■ Task directions: Count every line below containing "GeometryNodeObjectInfo"; state the number only.

■ Collection entries:
*** Begin section ***
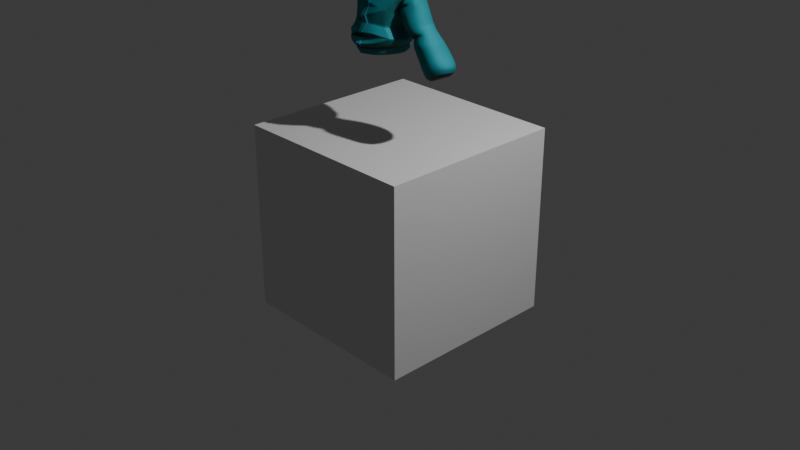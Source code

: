 # Source: GN_Mirror_Groupable.blend  (saved by Blender 5.0.118; exported with 4.5.12 LTS)
import bpy
from mathutils import Matrix  # noqa: F401  (used for matrix-valued properties, if any)

bpy.ops.wm.read_factory_settings(use_empty=True)
scene = bpy.context.scene
scene.name = 'Scene'

# ---- collections
col_collection = bpy.data.collections.new('Collection'); scene.collection.children.link(col_collection)

# ---- materials (node trees are filled in below, after node groups)
mat_m_sweater_001 = bpy.data.materials.new('M_Sweater.001')
mat_m_sweater_001.use_backface_culling_lightprobe_volume = False

# ---- node groups
ng_gn_mirror = bpy.data.node_groups.new('GN_Mirror', 'GeometryNodeTree')
_s = ng_gn_mirror.interface.new_socket(name='Geometry', in_out='OUTPUT', socket_type='NodeSocketGeometry')
_s = ng_gn_mirror.interface.new_socket(name='U Scale', in_out='INPUT', socket_type='NodeSocketFloat')
_s.default_value = 1.0
_s.min_value = -1e+04
_s.max_value = 1e+04
_s = ng_gn_mirror.interface.new_socket(name='V Scale', in_out='INPUT', socket_type='NodeSocketFloat')
_s.default_value = 1.0
_s.min_value = -1e+04
_s.max_value = 1e+04
_s = ng_gn_mirror.interface.new_socket(name='U Shift', in_out='INPUT', socket_type='NodeSocketFloat')
_s.min_value = -1e+04
_s.max_value = 1e+04
_s = ng_gn_mirror.interface.new_socket(name='V Shift', in_out='INPUT', socket_type='NodeSocketFloat')
_s.min_value = -1e+04
_s.max_value = 1e+04
_s = ng_gn_mirror.interface.new_socket(name='Geometry', in_out='INPUT', socket_type='NodeSocketGeometry')
_s = ng_gn_mirror.interface.new_socket(name='Mirror Object', in_out='INPUT', socket_type='NodeSocketObject')
_s = ng_gn_mirror.interface.new_socket(name='Use Mirror Object', in_out='INPUT', socket_type='NodeSocketBool')
_s = ng_gn_mirror.interface.new_socket(name='Axis Setting', in_out='INPUT', socket_type='NodeSocketMenu')
_s.default_value = 'X'
_s = ng_gn_mirror.interface.new_socket(name='UV Map Name', in_out='INPUT', socket_type='NodeSocketString')
_s.default_value = 'UVMap'
ng_gn_mirror.is_modifier = True
_N = ng_gn_mirror.nodes; _L = ng_gn_mirror.links
n0 = _N.new('NodeGroupOutput'); n0.name = 'Group Output'; n0.location = (2265, 0)
n1 = _N.new('NodeGroupInput'); n1.name = 'Group Input'; n1.location = (-2294, -64)
n2 = _N.new('GeometryNodeStoreNamedAttribute'); n2.name = 'Store Named Attribute'; n2.location = (757, -147)
n2.data_type = 'FLOAT2'
n2.domain = 'CORNER'
n3 = _N.new('GeometryNodeInputNamedAttribute'); n3.name = 'Named Attribute'; n3.location = (30, -56)
n3.data_type = 'FLOAT_VECTOR'
n4 = _N.new('ShaderNodeVectorMath'); n4.name = 'Vector Math.001'; n4.location = (551, -94)
n5 = _N.new('ShaderNodeCombineXYZ'); n5.name = 'Combine XYZ.001'; n5.location = (371, -318)
n6 = _N.new('ShaderNodeCombineXYZ'); n6.name = 'Combine XYZ.002'; n6.location = (96, -251)
n7 = _N.new('NodeFrame'); n7.name = 'Frame.001'; n7.location = (1289, 130)
n7.label = 'Shift UVs'
n7.width = 927
n8 = _N.new('GeometryNodeTransform'); n8.name = 'Transform Geometry'; n8.location = (30, -36)
n9 = _N.new('GeometryNodeTransform'); n9.name = 'Transform Geometry.001'; n9.location = (714, -36)
n10 = _N.new('GeometryNodeObjectInfo'); n10.name = 'Object Info.002'; n10.location = (224, -203)
n10.hide = True
n11 = _N.new('GeometryNodeSelfObject'); n11.name = 'Self Object.001'; n11.location = (30, -198)
n11.hide = True
n12 = _N.new('GeometryNodeTransform'); n12.name = 'Transform Geometry.002'; n12.location = (30, -36)
n13 = _N.new('GeometryNodeObjectInfo'); n13.name = 'Object Info.003'; n13.location = (-1822, -256)
n13.hide = True
n14 = _N.new('FunctionNodeInvertMatrix'); n14.name = 'Invert Matrix.001'; n14.location = (30, -264)
n14.hide = True
n15 = _N.new('FunctionNodeInvertMatrix'); n15.name = 'Invert Matrix.002'; n15.location = (30, -139)
n16 = _N.new('GeometryNodeTransform'); n16.name = 'Transform Geometry.003'; n16.location = (410, -36)
n17 = _N.new('GeometryNodeTransform'); n17.name = 'Transform Geometry.004'; n17.location = (429, -36)
n18 = _N.new('NodeReroute'); n18.name = 'Reroute'; n18.location = (-314, -324)
n18.width = 12
n18.socket_idname = 'NodeSocketMatrix'
n19 = _N.new('NodeReroute'); n19.name = 'Reroute.001'; n19.location = (-1571, -311)
n19.width = 12
n19.socket_idname = 'NodeSocketMatrix'
n20 = _N.new('NodeFrame'); n20.name = 'Frame.002'; n20.location = (-2044, 35)
n20.label = 'Transform Geo to World Center'
n20.width = 884
n21 = _N.new('NodeFrame'); n21.name = 'Frame.003'; n21.location = (-1122, 38)
n21.label = 'Transform Inverse Geo to Mirror Object'
n21.width = 580
n22 = _N.new('NodeFrame'); n22.name = 'Frame.004'; n22.location = (-368, 211)
n22.label = 'Flip over Axis'
n22.width = 200
n23 = _N.new('NodeFrame'); n23.name = 'Frame.005'; n23.location = (-108, 54)
n23.label = 'Transform Geo to Mirror Object'
n23.width = 200
n24 = _N.new('NodeFrame'); n24.name = 'Frame.006'; n24.location = (112, 16)
n24.label = 'Inv Transform Geo From World Center back to pivot'
n24.width = 598
n25 = _N.new('GeometryNodeFlipFaces'); n25.name = 'Flip Faces.001'; n25.location = (904, -64)
n26 = _N.new('NodeReroute'); n26.name = 'Reroute.004'; n26.location = (-1883, 140)
n26.width = 12
n26.socket_idname = 'NodeSocketGeometry'
n27 = _N.new('GeometryNodeSwitch'); n27.name = 'Switch.006'; n27.location = (-547, 245)
n28 = _N.new('GeometryNodeSwitch'); n28.name = 'Switch.007'; n28.location = (750, 222)
n29 = _N.new('NodeReroute'); n29.name = 'Reroute.007'; n29.location = (427, 324)
n29.width = 12
n29.socket_idname = 'NodeSocketBool'
n30 = _N.new('ShaderNodeVectorMath'); n30.name = 'Vector Math.013'; n30.location = (284, -87)
n30.operation = 'MULTIPLY'
n31 = _N.new('NodeReroute'); n31.name = 'Reroute.002'; n31.location = (-2000, 163)
n31.width = 12
n31.socket_idname = 'NodeSocketBool'
n32 = _N.new('NodeReroute'); n32.name = 'Reroute.003'; n32.location = (-781, 162)
n32.width = 12
n32.socket_idname = 'NodeSocketBool'
n33 = _N.new('NodeReroute'); n33.name = 'Reroute.005'; n33.location = (-782, 320)
n33.width = 12
n33.socket_idname = 'NodeSocketBool'
n34 = _N.new('NodeGroupInput'); n34.name = 'Group Input.001'; n34.location = (1043, -148)
n34.width = 124
n35 = _N.new('GeometryNodeMenuSwitch'); n35.name = 'Menu Switch'; n35.location = (-1011, -420)
n35.hide = True
n35.enum_items.clear()
_it = n35.enum_items.new('X')
_it = n35.enum_items.new('Y')
_it = n35.enum_items.new('Z')
n35.enum_definition.enum_definition.enum_definition.enum_definition.data_type = 'VECTOR'
n35.enum_definition.enum_definition.enum_definition.data_type = 'VECTOR'
n35.enum_definition.enum_definition.data_type = 'VECTOR'
n35.enum_definition.data_type = 'VECTOR'
n35.data_type = 'VECTOR'
n35.inputs[1].default_value = (-1.0, 1.0, 1.0)
n35.inputs[2].default_value = (1.0, -1.0, 1.0)
n35.inputs[3].default_value = (1.0, 1.0, -1.0)
n2.parent = n7
n3.parent = n7
n4.parent = n7
n5.parent = n7
n6.parent = n7
n8.parent = n22
n9.parent = n20
n10.parent = n20
n11.parent = n20
n12.parent = n23
n14.parent = n21
n15.parent = n24
n16.parent = n21
n17.parent = n24
n30.parent = n7
_L.new(n4.outputs[0], n2.inputs[3])
_L.new(n28.outputs[0], n25.inputs[0])
_L.new(n30.outputs[0], n4.inputs[0])
_L.new(n17.outputs[0], n28.inputs[2])
_L.new(n16.outputs[0], n27.inputs[2])
_L.new(n15.outputs[0], n17.inputs[4])
_L.new(n14.outputs[0], n16.inputs[4])
_L.new(n8.outputs[0], n28.inputs[1])
_L.new(n25.outputs[0], n2.inputs[0])
_L.new(n5.outputs[0], n4.inputs[1])
_L.new(n18.outputs[0], n12.inputs[4])
_L.new(n6.outputs[0], n30.inputs[1])
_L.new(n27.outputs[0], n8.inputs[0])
*** End section ***
■ Task result: 2